** DIRECTIONS FOR THIS TASK **
Given the material below, return only the lines starting at the line with "#169=DIRECTION('',(0.,-1.,0.));" and ending at the line with "#196=EDGE_CURVE('E190',#195,#187,#193,.T.);", exactly as they appear.

────────────────────────────────────────

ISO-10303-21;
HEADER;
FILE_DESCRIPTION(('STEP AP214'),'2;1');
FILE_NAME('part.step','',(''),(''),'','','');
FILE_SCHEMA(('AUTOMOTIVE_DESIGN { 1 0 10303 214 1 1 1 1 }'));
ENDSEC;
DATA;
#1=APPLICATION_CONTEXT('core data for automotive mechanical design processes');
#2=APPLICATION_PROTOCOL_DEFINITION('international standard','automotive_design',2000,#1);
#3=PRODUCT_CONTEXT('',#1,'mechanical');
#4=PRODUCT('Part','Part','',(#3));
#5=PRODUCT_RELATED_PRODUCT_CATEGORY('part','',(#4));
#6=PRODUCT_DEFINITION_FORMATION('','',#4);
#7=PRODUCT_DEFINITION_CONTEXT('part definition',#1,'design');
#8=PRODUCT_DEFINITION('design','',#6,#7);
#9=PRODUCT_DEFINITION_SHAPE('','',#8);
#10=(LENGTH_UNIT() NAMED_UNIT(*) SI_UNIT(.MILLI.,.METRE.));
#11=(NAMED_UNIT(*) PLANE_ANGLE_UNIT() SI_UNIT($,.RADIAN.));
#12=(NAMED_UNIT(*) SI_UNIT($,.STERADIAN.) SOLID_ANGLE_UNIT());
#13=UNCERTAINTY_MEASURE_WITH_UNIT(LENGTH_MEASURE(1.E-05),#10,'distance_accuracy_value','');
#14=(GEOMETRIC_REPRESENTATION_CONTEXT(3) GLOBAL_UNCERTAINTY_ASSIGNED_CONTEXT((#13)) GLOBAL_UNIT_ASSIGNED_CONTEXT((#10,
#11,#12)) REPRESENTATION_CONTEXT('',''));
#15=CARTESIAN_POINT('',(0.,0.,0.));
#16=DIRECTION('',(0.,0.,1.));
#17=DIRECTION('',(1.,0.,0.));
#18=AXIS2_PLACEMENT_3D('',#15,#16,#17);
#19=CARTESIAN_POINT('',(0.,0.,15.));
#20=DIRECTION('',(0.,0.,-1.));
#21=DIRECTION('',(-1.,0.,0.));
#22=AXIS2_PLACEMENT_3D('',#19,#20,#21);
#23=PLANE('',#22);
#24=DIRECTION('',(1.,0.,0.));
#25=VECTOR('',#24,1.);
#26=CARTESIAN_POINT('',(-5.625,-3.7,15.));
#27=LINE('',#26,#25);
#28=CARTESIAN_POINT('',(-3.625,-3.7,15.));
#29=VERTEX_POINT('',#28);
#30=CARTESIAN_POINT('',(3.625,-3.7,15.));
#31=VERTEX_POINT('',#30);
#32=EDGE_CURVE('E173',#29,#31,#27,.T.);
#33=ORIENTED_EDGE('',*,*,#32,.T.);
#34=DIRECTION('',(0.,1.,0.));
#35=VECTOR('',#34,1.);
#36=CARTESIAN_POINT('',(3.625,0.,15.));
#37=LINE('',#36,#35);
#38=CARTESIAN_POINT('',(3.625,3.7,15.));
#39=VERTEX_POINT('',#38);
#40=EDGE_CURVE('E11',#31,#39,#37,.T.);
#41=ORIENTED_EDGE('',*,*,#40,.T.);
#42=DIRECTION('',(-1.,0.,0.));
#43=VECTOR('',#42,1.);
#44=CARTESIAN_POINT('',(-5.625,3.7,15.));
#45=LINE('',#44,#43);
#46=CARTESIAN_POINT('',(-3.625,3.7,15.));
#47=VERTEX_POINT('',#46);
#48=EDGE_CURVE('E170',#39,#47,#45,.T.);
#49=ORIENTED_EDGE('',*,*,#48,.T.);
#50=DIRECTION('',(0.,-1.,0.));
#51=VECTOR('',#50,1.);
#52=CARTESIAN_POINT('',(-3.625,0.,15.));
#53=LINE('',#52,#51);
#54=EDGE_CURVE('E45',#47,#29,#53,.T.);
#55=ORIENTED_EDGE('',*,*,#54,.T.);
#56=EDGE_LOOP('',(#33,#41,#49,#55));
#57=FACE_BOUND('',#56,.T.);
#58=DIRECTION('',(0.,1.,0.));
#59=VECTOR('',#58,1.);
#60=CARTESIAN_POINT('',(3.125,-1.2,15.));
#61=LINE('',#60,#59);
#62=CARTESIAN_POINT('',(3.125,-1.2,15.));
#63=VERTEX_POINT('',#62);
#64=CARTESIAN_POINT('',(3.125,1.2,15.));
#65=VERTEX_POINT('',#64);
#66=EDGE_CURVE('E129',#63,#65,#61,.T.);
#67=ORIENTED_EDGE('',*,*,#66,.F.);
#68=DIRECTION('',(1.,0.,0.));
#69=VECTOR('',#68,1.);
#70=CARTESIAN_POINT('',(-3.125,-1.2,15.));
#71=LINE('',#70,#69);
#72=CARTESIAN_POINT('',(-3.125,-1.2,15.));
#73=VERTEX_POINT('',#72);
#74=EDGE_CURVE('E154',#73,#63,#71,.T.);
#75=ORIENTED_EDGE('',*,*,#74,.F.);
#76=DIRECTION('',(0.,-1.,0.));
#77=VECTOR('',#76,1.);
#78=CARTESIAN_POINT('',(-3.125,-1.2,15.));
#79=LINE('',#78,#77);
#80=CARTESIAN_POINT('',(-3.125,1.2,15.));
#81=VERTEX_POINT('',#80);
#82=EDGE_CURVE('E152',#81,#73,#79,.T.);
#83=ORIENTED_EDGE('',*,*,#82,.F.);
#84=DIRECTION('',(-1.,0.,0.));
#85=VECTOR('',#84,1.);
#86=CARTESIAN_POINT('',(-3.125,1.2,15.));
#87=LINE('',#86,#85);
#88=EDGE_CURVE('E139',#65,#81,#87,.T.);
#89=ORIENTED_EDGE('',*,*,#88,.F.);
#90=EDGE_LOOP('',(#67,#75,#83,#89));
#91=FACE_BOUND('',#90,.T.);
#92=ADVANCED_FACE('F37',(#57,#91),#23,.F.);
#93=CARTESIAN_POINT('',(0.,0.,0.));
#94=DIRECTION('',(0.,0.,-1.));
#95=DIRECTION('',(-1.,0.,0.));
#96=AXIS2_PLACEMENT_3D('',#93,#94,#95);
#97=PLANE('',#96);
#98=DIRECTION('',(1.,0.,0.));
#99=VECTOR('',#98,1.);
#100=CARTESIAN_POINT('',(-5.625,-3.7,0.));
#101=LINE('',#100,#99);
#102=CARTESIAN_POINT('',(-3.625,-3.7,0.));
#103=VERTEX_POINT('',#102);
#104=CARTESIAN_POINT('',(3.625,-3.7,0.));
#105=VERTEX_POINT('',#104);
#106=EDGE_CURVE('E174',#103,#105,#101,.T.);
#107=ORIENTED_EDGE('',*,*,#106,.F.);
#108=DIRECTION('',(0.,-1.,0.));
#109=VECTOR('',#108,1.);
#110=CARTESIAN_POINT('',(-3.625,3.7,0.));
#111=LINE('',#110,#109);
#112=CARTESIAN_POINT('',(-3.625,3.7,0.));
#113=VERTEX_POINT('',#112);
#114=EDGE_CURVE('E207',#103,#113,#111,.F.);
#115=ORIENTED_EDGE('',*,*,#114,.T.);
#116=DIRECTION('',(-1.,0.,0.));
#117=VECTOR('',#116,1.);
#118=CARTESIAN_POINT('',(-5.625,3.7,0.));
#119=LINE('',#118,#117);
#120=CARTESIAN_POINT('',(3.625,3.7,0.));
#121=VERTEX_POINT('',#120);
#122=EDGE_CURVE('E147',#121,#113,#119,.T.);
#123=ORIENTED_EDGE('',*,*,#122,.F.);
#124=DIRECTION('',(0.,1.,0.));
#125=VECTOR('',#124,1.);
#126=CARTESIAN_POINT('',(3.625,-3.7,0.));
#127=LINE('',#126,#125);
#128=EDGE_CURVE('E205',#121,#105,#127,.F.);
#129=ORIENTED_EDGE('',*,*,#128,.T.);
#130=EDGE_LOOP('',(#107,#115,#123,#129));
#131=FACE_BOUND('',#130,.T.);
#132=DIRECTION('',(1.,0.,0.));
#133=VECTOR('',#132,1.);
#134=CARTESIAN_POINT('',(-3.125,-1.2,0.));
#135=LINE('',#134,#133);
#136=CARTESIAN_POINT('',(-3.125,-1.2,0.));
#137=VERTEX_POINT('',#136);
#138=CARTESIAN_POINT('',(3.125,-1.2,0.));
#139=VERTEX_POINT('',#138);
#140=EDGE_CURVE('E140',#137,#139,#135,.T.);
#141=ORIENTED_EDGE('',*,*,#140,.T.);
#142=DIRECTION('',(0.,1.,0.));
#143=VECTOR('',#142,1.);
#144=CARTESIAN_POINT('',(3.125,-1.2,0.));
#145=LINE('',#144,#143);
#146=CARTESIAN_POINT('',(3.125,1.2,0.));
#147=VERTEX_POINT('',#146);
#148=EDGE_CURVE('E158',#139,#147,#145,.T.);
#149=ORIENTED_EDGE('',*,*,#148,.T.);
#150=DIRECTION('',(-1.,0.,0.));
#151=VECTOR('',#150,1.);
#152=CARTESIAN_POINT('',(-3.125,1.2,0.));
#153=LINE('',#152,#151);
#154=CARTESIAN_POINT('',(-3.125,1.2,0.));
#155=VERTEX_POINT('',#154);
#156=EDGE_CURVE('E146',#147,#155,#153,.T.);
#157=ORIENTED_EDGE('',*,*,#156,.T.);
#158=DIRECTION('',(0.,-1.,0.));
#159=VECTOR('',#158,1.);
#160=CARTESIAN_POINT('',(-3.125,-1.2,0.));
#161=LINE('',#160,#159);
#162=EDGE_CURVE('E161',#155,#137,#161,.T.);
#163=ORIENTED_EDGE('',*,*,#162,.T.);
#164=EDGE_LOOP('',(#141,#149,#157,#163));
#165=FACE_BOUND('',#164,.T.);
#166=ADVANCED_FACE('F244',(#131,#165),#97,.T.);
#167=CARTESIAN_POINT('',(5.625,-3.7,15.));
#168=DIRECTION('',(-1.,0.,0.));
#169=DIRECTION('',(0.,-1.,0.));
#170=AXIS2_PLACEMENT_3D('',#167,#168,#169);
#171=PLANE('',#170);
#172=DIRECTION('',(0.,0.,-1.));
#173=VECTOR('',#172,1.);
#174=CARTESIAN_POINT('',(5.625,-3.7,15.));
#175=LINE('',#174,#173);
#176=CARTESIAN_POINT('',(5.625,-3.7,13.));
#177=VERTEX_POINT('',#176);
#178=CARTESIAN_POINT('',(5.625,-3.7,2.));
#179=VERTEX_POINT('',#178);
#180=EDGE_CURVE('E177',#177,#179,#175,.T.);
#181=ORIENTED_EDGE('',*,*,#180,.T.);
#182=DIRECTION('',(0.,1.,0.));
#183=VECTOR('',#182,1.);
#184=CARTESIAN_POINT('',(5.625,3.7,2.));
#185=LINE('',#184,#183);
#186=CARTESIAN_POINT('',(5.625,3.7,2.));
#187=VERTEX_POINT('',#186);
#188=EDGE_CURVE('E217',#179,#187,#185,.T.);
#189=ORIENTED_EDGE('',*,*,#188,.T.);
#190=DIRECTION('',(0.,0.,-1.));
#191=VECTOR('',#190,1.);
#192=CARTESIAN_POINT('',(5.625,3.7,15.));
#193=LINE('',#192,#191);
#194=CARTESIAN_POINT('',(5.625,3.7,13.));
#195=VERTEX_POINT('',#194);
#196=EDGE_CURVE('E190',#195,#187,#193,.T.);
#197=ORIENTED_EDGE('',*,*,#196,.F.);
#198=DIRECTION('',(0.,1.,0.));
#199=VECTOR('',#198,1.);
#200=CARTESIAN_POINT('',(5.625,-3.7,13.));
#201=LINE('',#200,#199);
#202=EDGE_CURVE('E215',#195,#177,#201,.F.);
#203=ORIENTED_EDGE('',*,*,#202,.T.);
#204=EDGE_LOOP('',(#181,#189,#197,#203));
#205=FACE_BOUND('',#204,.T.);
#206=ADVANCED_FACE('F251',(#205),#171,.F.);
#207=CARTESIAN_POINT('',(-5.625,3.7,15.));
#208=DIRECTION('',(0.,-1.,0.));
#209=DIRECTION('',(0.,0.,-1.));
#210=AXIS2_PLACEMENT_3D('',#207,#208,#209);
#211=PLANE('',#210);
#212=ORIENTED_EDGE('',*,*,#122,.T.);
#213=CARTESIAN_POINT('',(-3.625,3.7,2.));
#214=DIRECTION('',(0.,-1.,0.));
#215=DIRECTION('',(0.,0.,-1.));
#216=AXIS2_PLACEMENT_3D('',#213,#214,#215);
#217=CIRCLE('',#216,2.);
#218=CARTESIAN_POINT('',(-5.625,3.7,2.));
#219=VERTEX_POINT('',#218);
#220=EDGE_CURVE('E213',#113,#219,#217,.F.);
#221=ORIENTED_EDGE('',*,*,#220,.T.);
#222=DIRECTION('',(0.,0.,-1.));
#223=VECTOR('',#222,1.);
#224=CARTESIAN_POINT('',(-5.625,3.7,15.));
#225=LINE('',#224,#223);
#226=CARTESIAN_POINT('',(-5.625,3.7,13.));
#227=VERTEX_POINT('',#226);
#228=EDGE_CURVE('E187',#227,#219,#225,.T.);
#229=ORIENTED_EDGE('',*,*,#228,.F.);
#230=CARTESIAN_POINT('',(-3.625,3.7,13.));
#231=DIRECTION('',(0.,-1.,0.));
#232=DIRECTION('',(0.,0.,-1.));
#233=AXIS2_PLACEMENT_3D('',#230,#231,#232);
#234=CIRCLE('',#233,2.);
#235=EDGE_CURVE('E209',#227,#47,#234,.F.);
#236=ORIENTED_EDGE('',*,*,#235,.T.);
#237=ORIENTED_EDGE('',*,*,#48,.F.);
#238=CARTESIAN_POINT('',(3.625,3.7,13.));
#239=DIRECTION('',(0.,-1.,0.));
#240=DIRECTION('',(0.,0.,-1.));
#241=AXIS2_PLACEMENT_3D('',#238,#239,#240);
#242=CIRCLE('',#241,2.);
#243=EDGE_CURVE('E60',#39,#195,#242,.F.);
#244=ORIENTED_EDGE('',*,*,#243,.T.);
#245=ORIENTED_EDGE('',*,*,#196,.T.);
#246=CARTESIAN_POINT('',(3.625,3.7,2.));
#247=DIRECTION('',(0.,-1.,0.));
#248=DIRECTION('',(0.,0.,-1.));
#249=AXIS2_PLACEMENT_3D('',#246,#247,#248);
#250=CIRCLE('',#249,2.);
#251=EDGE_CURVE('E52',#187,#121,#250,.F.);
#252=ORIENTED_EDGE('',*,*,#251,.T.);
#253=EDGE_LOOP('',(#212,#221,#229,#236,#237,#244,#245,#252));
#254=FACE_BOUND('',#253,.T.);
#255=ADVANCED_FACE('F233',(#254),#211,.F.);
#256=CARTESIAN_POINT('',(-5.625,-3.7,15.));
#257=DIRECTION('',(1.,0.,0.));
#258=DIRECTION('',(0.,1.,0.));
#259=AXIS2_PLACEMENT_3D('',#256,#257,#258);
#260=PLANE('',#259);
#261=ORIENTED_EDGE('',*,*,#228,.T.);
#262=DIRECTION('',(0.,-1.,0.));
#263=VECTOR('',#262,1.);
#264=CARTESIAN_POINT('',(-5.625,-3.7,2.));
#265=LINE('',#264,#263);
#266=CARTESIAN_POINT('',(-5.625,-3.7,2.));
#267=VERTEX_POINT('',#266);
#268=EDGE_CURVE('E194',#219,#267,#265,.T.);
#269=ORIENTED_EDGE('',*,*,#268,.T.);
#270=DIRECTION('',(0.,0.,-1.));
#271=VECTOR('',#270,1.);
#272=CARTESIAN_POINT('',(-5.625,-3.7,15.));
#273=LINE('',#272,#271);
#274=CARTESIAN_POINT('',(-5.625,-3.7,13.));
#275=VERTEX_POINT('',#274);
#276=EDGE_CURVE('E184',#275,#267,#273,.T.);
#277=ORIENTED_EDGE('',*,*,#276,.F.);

────────────────────────────────────────

** ANSWER BELOW **
#169=DIRECTION('',(0.,-1.,0.));
#170=AXIS2_PLACEMENT_3D('',#167,#168,#169);
#171=PLANE('',#170);
#172=DIRECTION('',(0.,0.,-1.));
#173=VECTOR('',#172,1.);
#174=CARTESIAN_POINT('',(5.625,-3.7,15.));
#175=LINE('',#174,#173);
#176=CARTESIAN_POINT('',(5.625,-3.7,13.));
#177=VERTEX_POINT('',#176);
#178=CARTESIAN_POINT('',(5.625,-3.7,2.));
#179=VERTEX_POINT('',#178);
#180=EDGE_CURVE('E177',#177,#179,#175,.T.);
#181=ORIENTED_EDGE('',*,*,#180,.T.);
#182=DIRECTION('',(0.,1.,0.));
#183=VECTOR('',#182,1.);
#184=CARTESIAN_POINT('',(5.625,3.7,2.));
#185=LINE('',#184,#183);
#186=CARTESIAN_POINT('',(5.625,3.7,2.));
#187=VERTEX_POINT('',#186);
#188=EDGE_CURVE('E217',#179,#187,#185,.T.);
#189=ORIENTED_EDGE('',*,*,#188,.T.);
#190=DIRECTION('',(0.,0.,-1.));
#191=VECTOR('',#190,1.);
#192=CARTESIAN_POINT('',(5.625,3.7,15.));
#193=LINE('',#192,#191);
#194=CARTESIAN_POINT('',(5.625,3.7,13.));
#195=VERTEX_POINT('',#194);
#196=EDGE_CURVE('E190',#195,#187,#193,.T.);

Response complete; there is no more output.